Richard Lambert of the CBI says research has shown that buildings represent one of the largest areas of potential in cutting UK carbon emissions.

The environment code aims to go further than just addressing energy efficiency, by providing an internationally recognised system for organisations to use in offices all over the world.

The code has been formulated by the Investment Property Databank, which provides the benchmark for valuations in the industry.

IPD spokesman, Christopher Hedley, says: “If companies don’t know how they are performing, they don’t know how they can improve. Things like DECs [display energy certificates] and energy performance certificates are so complicated they are a turnoff.
“We want to create a measurement framework simple enough that companies can take it to the management and say, ‘This is how we need to improve’.”

Companies can sign up to the code voluntarily and Hedley said the Treasury division that co-ordinates the government’s estate, has expressed an interest in signing up to the code. The office oversees 160 million sq ft of space across the country.
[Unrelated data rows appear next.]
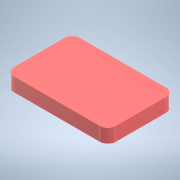
# Autodesk Inventor part: FactionSpecial_Nekro_XY
Saved by Autodesk Inventor 2021 (Build 250183000, 183)
## iProperties
Created: 2023-03-16
Part Number: FactionSpecial_Nekro_XY
Material: Paper
Document SubType Name: Modeling
Designer: Bradley
Density: 0.93 g/cm^3
Appearance: Smooth - Red
NekroLength: 16.400 mm
NekroWidth: 25.250 mm
Author: Bradley
Autodesk Inventor part; units mm, degrees
ref_plane "YZ Plane" through (0, 0, 0) normal (1, 0, 0) x (0, 1, 0)
ref_plane "XZ Plane" through (0, 0, 0) normal (0, 1, 0) x (-1, 0, 0)
ref_plane "XY Plane" through (0, 0, 0) normal (0, 0, 1) x (1, 0, 0)
sketch "Sketch1" plane through (0, 0, 0) normal (0, 1, 0) x (-1, 0, 0)
  line L0 (10.625, 8.2) -> (-10.625, 8.2)
  line L1 (-12.625, 6.2) -> (-12.625, -6.2)
  line L2 (-10.625, -8.2) -> (10.625, -8.2)
  line L3 (12.625, -6.2) -> (12.625, 6.2)
  line L4 (12.625, 8.2) -> (-12.625, -8.2) construction
  line L5 (-12.625, 8.2) -> (12.625, -8.2) construction
  arc A0 (12.625, 6.2) -> (10.625, 8.2) centre (10.625, 6.2) ccw
  arc A1 (10.625, -8.2) -> (12.625, -6.2) centre (10.625, -6.2) ccw
  arc A2 (-12.625, -6.2) -> (-10.625, -8.2) centre (-10.625, -6.2) ccw
  arc A3 (-10.625, 8.2) -> (-12.625, 6.2) centre (-10.625, 6.2) ccw
  point P0 (0, 0)
  dimension "d0" = 25.25
  dimension "d1" = 16.4
  dimension "d4" = 2
  constraints: 12 end point, 8 point on circle, 8 point on line, 8 tangent, 4 centre point, 3 equal radius, 2 midpoint, 2 parallel, 1 horizontal, 1 perpendicular
  measures "d0" distance of L5.end L4.end
  measures "d1" distance of L5.start L4.end
  measures "d4" radius of A0
extrude "Extrusion1" add sketch "Sketch1" along normal mid plane 3.4
equation "\"d0\" = NekroWidth"
equation "\"d1\" = NekroLength"
equation "\"NekroWidth\" = 25.25"
equation "\"NekroLength\" = 16.4"
body "Solid1"
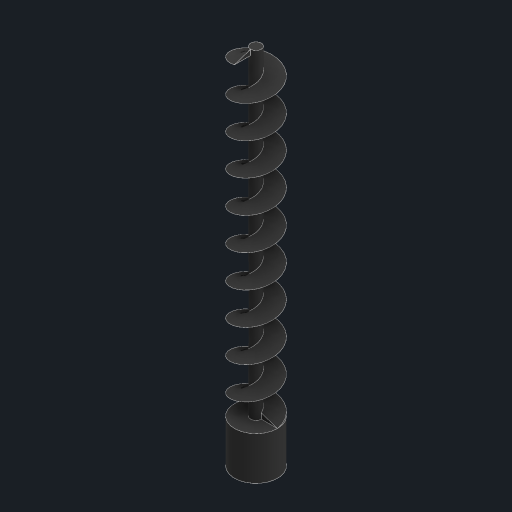
# Autodesk Inventor part: OUTK_023_Auger
Saved by Autodesk Inventor 2024.2 (Build 282272000, 272)
## iProperties
Created: 2024-12-08
Part Number: OUTK_023_Auger
Material: Rubber, Silicone
Document SubType Name: Modeling
Designer: Bryan
Density: 1.25 g/cm^3
Appearance: Rubber - Black
Author: Bryan
Autodesk Inventor part; units mm, degrees
ref_plane "YZ Plane" through (0, 0, 0) normal (1, 0, 0) x (0, 1, 0)
ref_plane "XZ Plane" through (0, 0, 0) normal (0, 1, 0) x (-1, 0, 0)
ref_plane "XY Plane" through (0, 0, 0) normal (0, 0, 1) x (1, 0, 0)
sketch "Sketch1" plane through (0, 0, 0) normal (0, 1, 0) x (-1, 0, 0)
  circle A0 centre (0, 0) radius 12.7
  line L0 (-3.6662, 6.35) -> (3.6662, 6.35)
  line L1 (3.6662, 6.35) -> (7.3323, 0)
  line L2 (7.3323, 0) -> (3.6662, -6.35)
  line L3 (3.6662, -6.35) -> (-3.6662, -6.35)
  line L4 (-3.6662, -6.35) -> (-7.3323, 0)
  line L5 (-7.3323, 0) -> (-3.6662, 6.35)
  dimension "d0" = 25.4
  dimension "d1" = 12.7
  constraints: 12 end point, 2 coincident, 1 centre point, 1 horizontal, 13 other
  measures "d0" diameter of A0
  measures "d1" distance between parallel lines of L3 L0
extrude "Extrusion1" add sketch "Sketch1" along normal blind 25.4
sketch "Sketch2" plane through (0, 25.4, 0) normal (0, 1, 0) x (1, 0, 0)
  circle A0 centre (0, 0) radius 8.4584
  constraints: 1 centre point, 1 coincident
extrude "Extrusion2" add sketch "Sketch2" against normal blind 3.175
sketch "Sketch3" plane through (0, 0, 0) normal (0, 0, 1) x (1, 0, 0)
  line L0 (12.7, 25.4) -> (-12.7, 25.4) projected
  line L1 (-3.175, 31.75) -> (3.175, 31.75)
  line L2 (3.175, 31.75) -> (3.175, 25.4)
  line L3 (3.175, 25.4) -> (-3.175, 25.4)
  line L4 (-3.175, 25.4) -> (-3.175, 31.75)
  line L5 (3.175, 28.575) -> (12.7, 25.4)
  point P0 (0, 0)
  point P1 (0, 31.75)
  point P2 (0, 25.4)
  dimension "d6" = 6.35
  constraints: 10 end point, 3 midpoint, 2 parallel, 2 perpendicular, 1 horizontal, 1 point on line, 1 vertical alignment
  measures "d6" distance of L2.end L3.end
coil "Coil1" sketch "Sketch3" operation add axis through (0, -10, 0) along (0, 1, 0) pitch 19.05 turns 9.75 hand right contours L0 L2 L5
sketch "Sketch4" plane through (0, 25.4, 0) normal (0, 1, 0) x (1, 0, 0)
  circle A0 centre (0, 0) radius 3.175
  dimension "d15" = 6.35
  constraints: 1 centre point, 1 coincident
  measures "d15" diameter of A0
extrude "Extrusion3" add sketch "Sketch4" along normal up to surface (188.9125 mm away)
body "Solid1"

He said there has also been strong interest from universities and colleges  which occupy another 430m sq ft across the UK, and from private companies occupying 270m sq ft.
The  code will provide a relatively simple template for the collection, measurement and analysis of environmental information from real estate. It is designed to work alongside local building regulations, but because it can be applied anywhere in the world corporate occupiers can assess their global environmental impact.

And Mr Hedley predicts that those adopting the code will benefit from higher value buildings in the future.  “We already have quite a few corporate clients who only go into certain buildings that are environmentally responsible,” said Mr Hedley.